• **Directions for this task**
What are the lines below, starting at the line containing "Board: 2 copper" and ending at the line containing "[picture b6s1: schematic keypad.kicad_sch]"? Write them out exactly, ends included, without pictures.

··· Data for analysis

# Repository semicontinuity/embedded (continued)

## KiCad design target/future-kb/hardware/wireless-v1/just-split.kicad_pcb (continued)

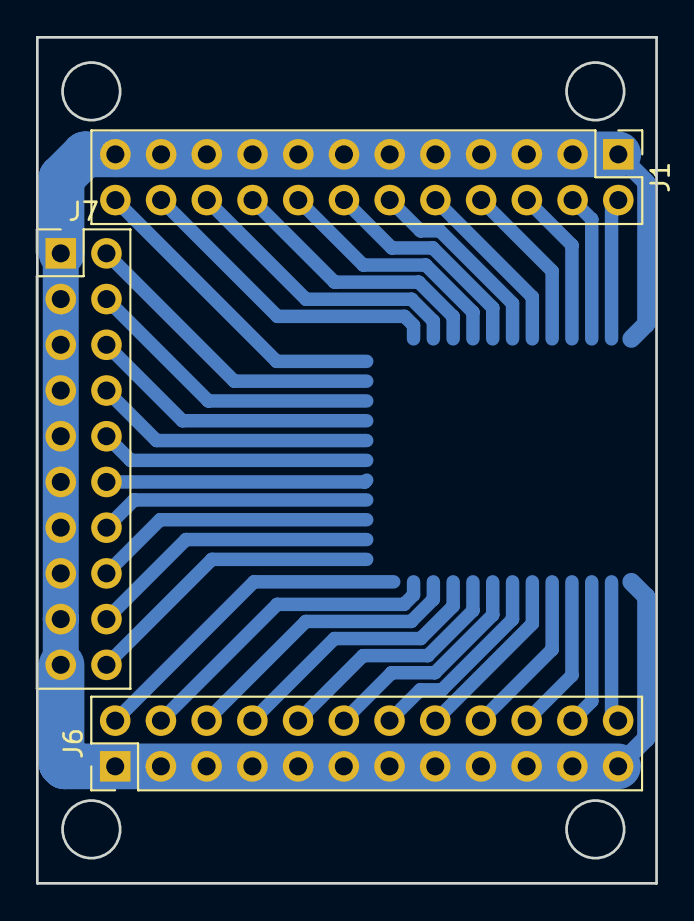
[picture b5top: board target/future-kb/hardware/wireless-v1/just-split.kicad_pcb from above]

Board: 2 copper layers, 34.4 x 47.0 mm, 4 parts (1 on the bottom side), 35 nets.

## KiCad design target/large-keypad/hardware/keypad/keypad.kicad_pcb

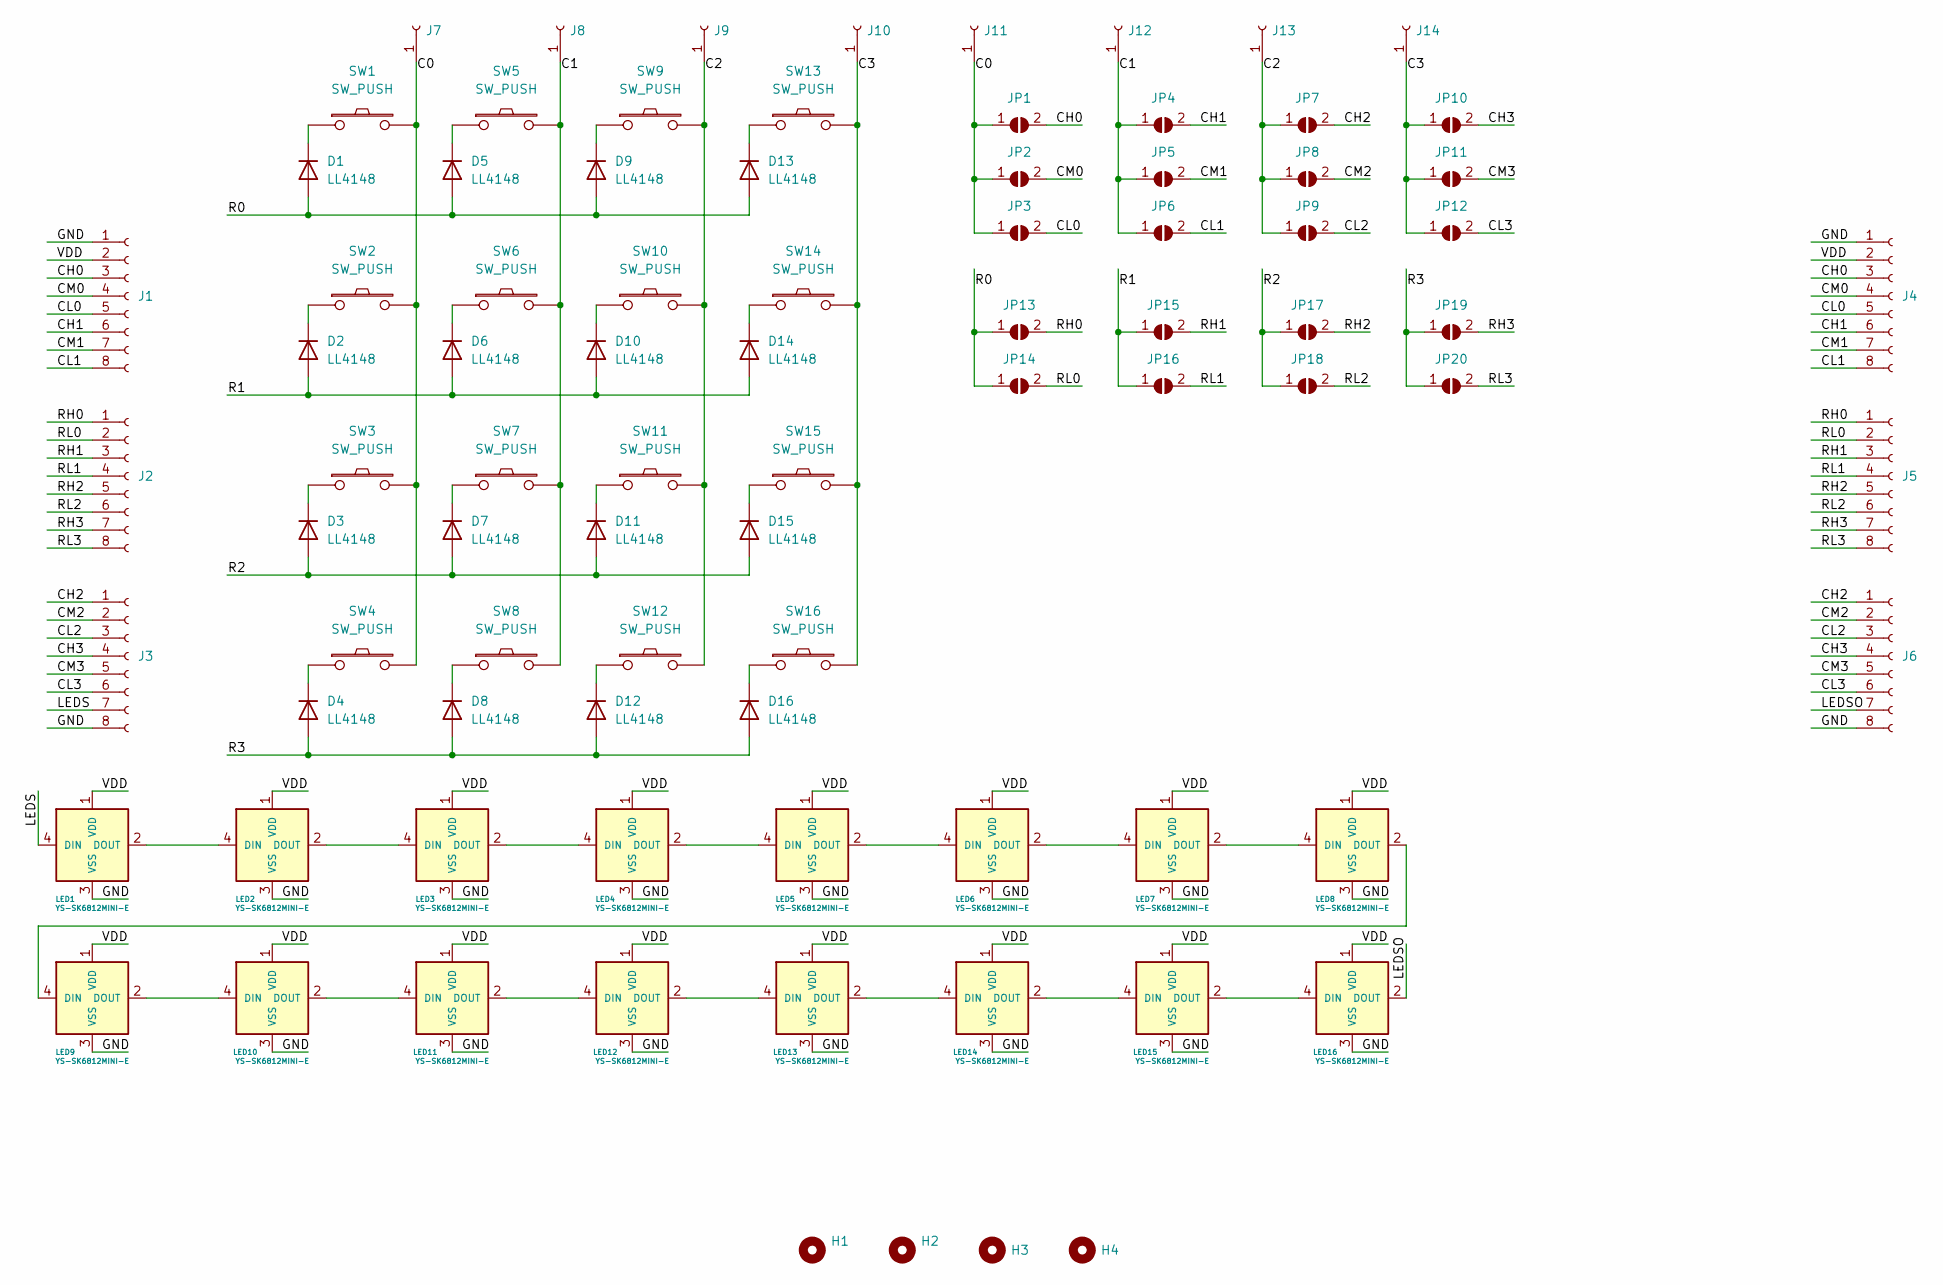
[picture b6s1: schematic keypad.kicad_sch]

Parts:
D1, D2, D3, D4, D5, D6, D7, D8, D9, D10, D11, D12, D13, D14, D15, D16: LL4148; D_MiniMELF
H1, H2, H3, H4: MountingHole; MountingHole_3.2mm_M3_ISO7380
J1, J2, J3: Conn_01x08_Female; PinSocket_1x08_P2.54mm_Horizontal
J4, J5, J6: Conn_01x08_Female; PinHeader_1x08_P2.54mm_Horizontal
J7, J8, J9, J10: Conn_01x01_Female; PinSocket_1x01_P2.54mm_Horizontal
J11, J12, J13, J14: Conn_01x01_Female; PinHeader_1x01_P2.54mm_Horizontal
JP1, JP2, JP3, JP4, JP5, JP6, JP7, JP8, JP9, JP10, JP11, JP12, JP13, JP14, JP15, JP16, JP17, JP18, JP19, JP20: SolderJumper_2_Open; Jumper
LED1, LED2, LED3, LED4, LED5, LED6, LED7, LED8, LED9, LED10, LED11, LED12, LED13, LED14, LED15, LED16: YS-SK6812MINI-E
SW1, SW2, SW3, SW4, SW5, SW6, SW7, SW8, SW9, SW10, SW11, SW12, SW13, SW14, SW15, SW16: SW_PUSH; CherryMX_Hotswap

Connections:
/C0: J7.1, J11.1, JP1.1 (A), JP2.1 (A), JP3.1 (A), SW1.2, SW2.2, SW3.2, SW4.2
/C1: J8.1, J12.1, JP4.1 (A), JP5.1 (A), JP6.1 (A), SW5.2, SW6.2, SW7.2, SW8.2
/C2: J9.1, J13.1, JP7.1 (A), JP8.1 (A), JP9.1 (A), SW9.2, SW10.2, SW11.2, SW12.2
/C3: J10.1, J14.1, JP10.1 (A), JP11.1 (A), JP12.1 (A), SW13.2, SW14.2, SW15.2, SW16.2
/CH0: J1.3, J4.3, JP1.2 (B)
/CH1: J1.6, J4.6, JP4.2 (B)
/CH2: J3.1, J6.1, JP7.2 (B)
/CH3: J3.4, J6.4, JP10.2 (B)
/CL0: J1.5, J4.5, JP3.2 (B)
/CL1: J1.8, J4.8, JP6.2 (B)
/CL2: J3.3, J6.3, JP9.2 (B)
/CL3: J3.6, J6.6, JP12.2 (B)
/CM0: J1.4, J4.4, JP2.2 (B)
/CM1: J1.7, J4.7, JP5.2 (B)
/CM2: J3.2, J6.2, JP8.2 (B)
/CM3: J3.5, J6.5, JP11.2 (B)
/GND: J1.1, J3.8, J4.1, J6.8, LED1.3 (VSS), LED2.3 (VSS), LED3.3 (VSS), LED4.3 (VSS), LED5.3 (VSS), LED6.3 (VSS), LED7.3 (VSS), LED8.3 (VSS), LED9.3 (VSS), LED10.3 (VSS), LED11.3 (VSS), LED12.3 (VSS), LED13.3 (VSS), LED14.3 (VSS), LED15.3 (VSS), LED16.3 (VSS)
/LEDS: J3.7, LED1.4 (DIN)
/LEDSO: J6.7, LED16.2 (DOUT)
/R0: D1.2 (A), D5.2 (A), D9.2 (A), D13.2 (A), JP13.1 (A), JP14.1 (A)
/R1: D2.2 (A), D6.2 (A), D10.2 (A), D14.2 (A), JP15.1 (A), JP16.1 (A)
/R2: D3.2 (A), D7.2 (A), D11.2 (A), D15.2 (A), JP17.1 (A), JP18.1 (A)
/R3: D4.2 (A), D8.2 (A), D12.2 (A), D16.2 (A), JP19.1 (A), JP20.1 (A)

······

• **Answer to this problem**
Board: 2 copper layers, 34.4 x 47.0 mm, 4 parts (1 on the bottom side), 35 nets.

## KiCad design target/large-keypad/hardware/keypad/keypad.kicad_pcb

[picture b6s1: schematic keypad.kicad_sch]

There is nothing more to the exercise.